--- START ---
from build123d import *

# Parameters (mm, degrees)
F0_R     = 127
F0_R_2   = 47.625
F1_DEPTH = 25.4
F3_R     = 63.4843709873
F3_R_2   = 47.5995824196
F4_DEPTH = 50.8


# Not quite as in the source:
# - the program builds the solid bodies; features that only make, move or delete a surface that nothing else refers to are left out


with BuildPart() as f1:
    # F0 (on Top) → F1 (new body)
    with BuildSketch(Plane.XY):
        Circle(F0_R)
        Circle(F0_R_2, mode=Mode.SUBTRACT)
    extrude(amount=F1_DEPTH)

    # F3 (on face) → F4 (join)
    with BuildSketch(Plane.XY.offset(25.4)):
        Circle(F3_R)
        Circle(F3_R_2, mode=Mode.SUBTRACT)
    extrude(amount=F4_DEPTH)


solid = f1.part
--- END ---
◆ What needs to be done:
For each line of the entries that includes "Mode", show that line.

◆ Answer to this problem:
        Circle(F0_R_2, mode=Mode.SUBTRACT)
        Circle(F3_R_2, mode=Mode.SUBTRACT)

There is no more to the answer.